Assignment
Restate word for word the entries below, starting with the line with "#24=DIRECTION('',(0.,1.,0.));" and continuing through the line with "#31=VERTEX_POINT('',#30);". Include both of those lines and no others.

[Data records Boundary: Start]

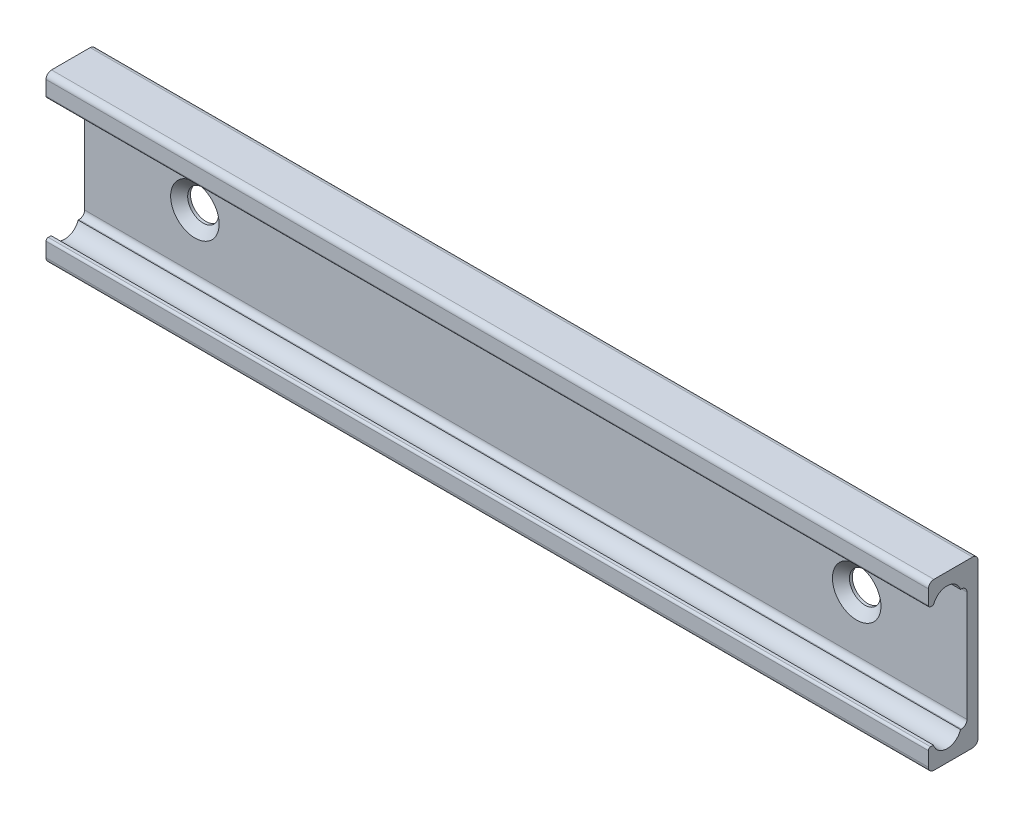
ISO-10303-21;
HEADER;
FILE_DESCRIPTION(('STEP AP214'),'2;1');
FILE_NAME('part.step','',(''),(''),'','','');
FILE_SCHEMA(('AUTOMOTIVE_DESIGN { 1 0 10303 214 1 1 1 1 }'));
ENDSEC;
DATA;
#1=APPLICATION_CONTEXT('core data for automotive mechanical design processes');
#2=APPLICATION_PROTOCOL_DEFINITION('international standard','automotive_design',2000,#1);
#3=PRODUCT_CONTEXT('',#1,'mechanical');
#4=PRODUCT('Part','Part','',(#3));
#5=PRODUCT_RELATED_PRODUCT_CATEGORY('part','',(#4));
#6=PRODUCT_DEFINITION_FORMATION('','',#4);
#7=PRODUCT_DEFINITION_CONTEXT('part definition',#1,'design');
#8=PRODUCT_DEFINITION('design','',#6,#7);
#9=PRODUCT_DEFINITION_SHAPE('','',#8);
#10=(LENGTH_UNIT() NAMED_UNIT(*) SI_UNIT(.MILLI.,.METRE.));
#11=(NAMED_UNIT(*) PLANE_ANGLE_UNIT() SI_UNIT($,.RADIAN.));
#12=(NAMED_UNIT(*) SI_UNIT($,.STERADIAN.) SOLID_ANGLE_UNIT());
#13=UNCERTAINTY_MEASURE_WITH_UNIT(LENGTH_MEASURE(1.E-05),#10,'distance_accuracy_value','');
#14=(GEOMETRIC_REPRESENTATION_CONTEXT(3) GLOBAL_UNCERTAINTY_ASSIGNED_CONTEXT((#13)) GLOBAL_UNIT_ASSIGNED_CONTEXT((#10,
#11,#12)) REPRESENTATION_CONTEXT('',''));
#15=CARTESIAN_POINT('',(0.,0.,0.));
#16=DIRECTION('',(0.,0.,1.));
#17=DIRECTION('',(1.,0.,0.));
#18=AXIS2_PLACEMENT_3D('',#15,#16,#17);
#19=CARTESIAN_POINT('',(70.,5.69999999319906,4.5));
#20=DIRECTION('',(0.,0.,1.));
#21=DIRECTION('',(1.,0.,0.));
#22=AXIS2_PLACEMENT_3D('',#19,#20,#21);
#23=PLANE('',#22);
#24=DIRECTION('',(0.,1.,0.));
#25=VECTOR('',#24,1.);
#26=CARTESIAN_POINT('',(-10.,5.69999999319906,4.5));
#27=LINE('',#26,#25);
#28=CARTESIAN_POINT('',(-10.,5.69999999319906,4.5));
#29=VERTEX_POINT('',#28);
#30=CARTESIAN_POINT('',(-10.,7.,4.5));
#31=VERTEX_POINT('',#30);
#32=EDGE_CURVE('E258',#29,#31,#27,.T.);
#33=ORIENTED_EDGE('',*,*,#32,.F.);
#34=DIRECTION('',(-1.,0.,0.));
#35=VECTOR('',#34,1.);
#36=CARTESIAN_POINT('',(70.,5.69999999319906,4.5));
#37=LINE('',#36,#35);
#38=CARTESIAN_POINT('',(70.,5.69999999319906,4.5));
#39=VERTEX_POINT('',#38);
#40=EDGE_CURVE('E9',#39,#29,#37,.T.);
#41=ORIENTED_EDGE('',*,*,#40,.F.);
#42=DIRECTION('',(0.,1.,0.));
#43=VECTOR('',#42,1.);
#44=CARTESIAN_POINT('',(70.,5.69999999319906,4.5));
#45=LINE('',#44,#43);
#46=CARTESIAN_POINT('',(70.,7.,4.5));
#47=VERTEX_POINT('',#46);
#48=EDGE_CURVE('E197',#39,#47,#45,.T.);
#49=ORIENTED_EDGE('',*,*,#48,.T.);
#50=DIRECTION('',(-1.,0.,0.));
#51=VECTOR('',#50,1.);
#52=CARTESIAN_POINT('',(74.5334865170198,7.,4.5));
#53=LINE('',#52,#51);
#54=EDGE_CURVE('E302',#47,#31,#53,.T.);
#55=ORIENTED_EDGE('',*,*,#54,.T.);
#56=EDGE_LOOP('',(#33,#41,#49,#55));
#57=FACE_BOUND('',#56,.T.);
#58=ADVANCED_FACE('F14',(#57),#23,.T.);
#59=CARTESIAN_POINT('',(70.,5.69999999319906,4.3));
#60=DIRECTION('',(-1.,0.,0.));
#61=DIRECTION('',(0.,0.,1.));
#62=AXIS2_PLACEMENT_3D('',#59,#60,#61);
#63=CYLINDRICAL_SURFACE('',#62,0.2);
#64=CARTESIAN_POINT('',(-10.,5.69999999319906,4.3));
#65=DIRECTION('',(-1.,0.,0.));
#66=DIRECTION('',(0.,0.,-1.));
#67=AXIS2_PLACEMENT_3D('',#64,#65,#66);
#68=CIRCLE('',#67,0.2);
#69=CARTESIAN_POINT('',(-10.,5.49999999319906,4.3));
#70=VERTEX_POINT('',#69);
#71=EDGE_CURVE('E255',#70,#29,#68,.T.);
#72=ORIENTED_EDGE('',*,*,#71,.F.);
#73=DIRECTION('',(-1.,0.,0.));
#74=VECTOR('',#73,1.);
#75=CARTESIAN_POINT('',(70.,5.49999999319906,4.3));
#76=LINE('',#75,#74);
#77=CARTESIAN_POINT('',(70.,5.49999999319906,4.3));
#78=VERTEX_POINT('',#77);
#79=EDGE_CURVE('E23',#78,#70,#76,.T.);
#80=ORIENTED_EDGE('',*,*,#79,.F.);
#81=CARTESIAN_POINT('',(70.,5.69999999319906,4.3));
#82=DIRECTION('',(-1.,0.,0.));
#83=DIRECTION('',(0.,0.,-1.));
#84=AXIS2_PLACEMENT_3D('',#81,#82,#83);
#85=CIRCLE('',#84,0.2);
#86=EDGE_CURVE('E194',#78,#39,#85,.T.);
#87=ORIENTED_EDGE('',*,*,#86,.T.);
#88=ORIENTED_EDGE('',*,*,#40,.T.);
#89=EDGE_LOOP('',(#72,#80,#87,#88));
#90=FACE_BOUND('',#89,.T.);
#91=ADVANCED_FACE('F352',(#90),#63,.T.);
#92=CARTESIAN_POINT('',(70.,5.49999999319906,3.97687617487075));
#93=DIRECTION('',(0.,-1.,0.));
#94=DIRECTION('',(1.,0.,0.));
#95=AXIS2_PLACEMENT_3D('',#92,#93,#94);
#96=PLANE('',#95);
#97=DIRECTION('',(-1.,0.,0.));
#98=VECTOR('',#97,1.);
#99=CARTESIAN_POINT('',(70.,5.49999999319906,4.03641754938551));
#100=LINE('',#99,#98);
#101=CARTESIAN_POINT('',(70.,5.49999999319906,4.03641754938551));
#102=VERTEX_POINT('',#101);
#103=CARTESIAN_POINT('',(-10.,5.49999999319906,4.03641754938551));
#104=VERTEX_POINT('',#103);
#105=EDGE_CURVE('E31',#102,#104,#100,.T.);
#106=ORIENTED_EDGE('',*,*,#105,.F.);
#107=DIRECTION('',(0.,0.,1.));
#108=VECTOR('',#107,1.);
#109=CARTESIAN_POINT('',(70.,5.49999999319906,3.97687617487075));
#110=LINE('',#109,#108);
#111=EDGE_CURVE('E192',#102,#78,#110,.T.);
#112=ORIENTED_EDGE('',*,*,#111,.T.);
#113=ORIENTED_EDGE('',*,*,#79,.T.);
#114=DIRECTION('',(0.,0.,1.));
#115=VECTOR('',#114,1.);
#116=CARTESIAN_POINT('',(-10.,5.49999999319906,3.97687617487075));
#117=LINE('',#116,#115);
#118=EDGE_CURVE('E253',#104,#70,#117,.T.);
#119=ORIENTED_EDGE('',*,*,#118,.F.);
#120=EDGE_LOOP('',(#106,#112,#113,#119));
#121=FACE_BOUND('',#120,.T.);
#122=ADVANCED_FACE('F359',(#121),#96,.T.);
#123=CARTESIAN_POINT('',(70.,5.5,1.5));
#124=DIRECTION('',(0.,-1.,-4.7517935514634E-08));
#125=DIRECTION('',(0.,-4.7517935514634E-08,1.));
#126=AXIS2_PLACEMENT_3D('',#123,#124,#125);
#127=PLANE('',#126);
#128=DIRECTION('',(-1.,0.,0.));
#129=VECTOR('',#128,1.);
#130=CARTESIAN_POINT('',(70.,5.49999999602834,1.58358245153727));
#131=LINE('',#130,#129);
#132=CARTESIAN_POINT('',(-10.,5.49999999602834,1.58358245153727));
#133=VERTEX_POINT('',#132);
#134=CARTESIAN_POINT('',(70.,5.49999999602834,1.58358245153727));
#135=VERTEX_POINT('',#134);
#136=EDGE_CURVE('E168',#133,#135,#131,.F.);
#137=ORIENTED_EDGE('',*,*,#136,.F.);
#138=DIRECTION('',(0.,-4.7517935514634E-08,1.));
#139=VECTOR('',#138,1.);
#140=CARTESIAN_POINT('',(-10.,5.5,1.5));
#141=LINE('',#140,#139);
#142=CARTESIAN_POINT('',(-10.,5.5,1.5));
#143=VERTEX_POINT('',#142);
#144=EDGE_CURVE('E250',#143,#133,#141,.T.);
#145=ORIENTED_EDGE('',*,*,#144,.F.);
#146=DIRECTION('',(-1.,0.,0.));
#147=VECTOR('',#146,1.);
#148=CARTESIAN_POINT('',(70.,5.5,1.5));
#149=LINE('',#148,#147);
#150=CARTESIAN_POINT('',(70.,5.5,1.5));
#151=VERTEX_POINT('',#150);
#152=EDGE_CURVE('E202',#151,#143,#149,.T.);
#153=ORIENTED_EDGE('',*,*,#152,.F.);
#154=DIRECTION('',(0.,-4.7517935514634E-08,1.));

[Data records Boundary: End]

Answer to this exercise
#24=DIRECTION('',(0.,1.,0.));
#25=VECTOR('',#24,1.);
#26=CARTESIAN_POINT('',(-10.,5.69999999319906,4.5));
#27=LINE('',#26,#25);
#28=CARTESIAN_POINT('',(-10.,5.69999999319906,4.5));
#29=VERTEX_POINT('',#28);
#30=CARTESIAN_POINT('',(-10.,7.,4.5));
#31=VERTEX_POINT('',#30);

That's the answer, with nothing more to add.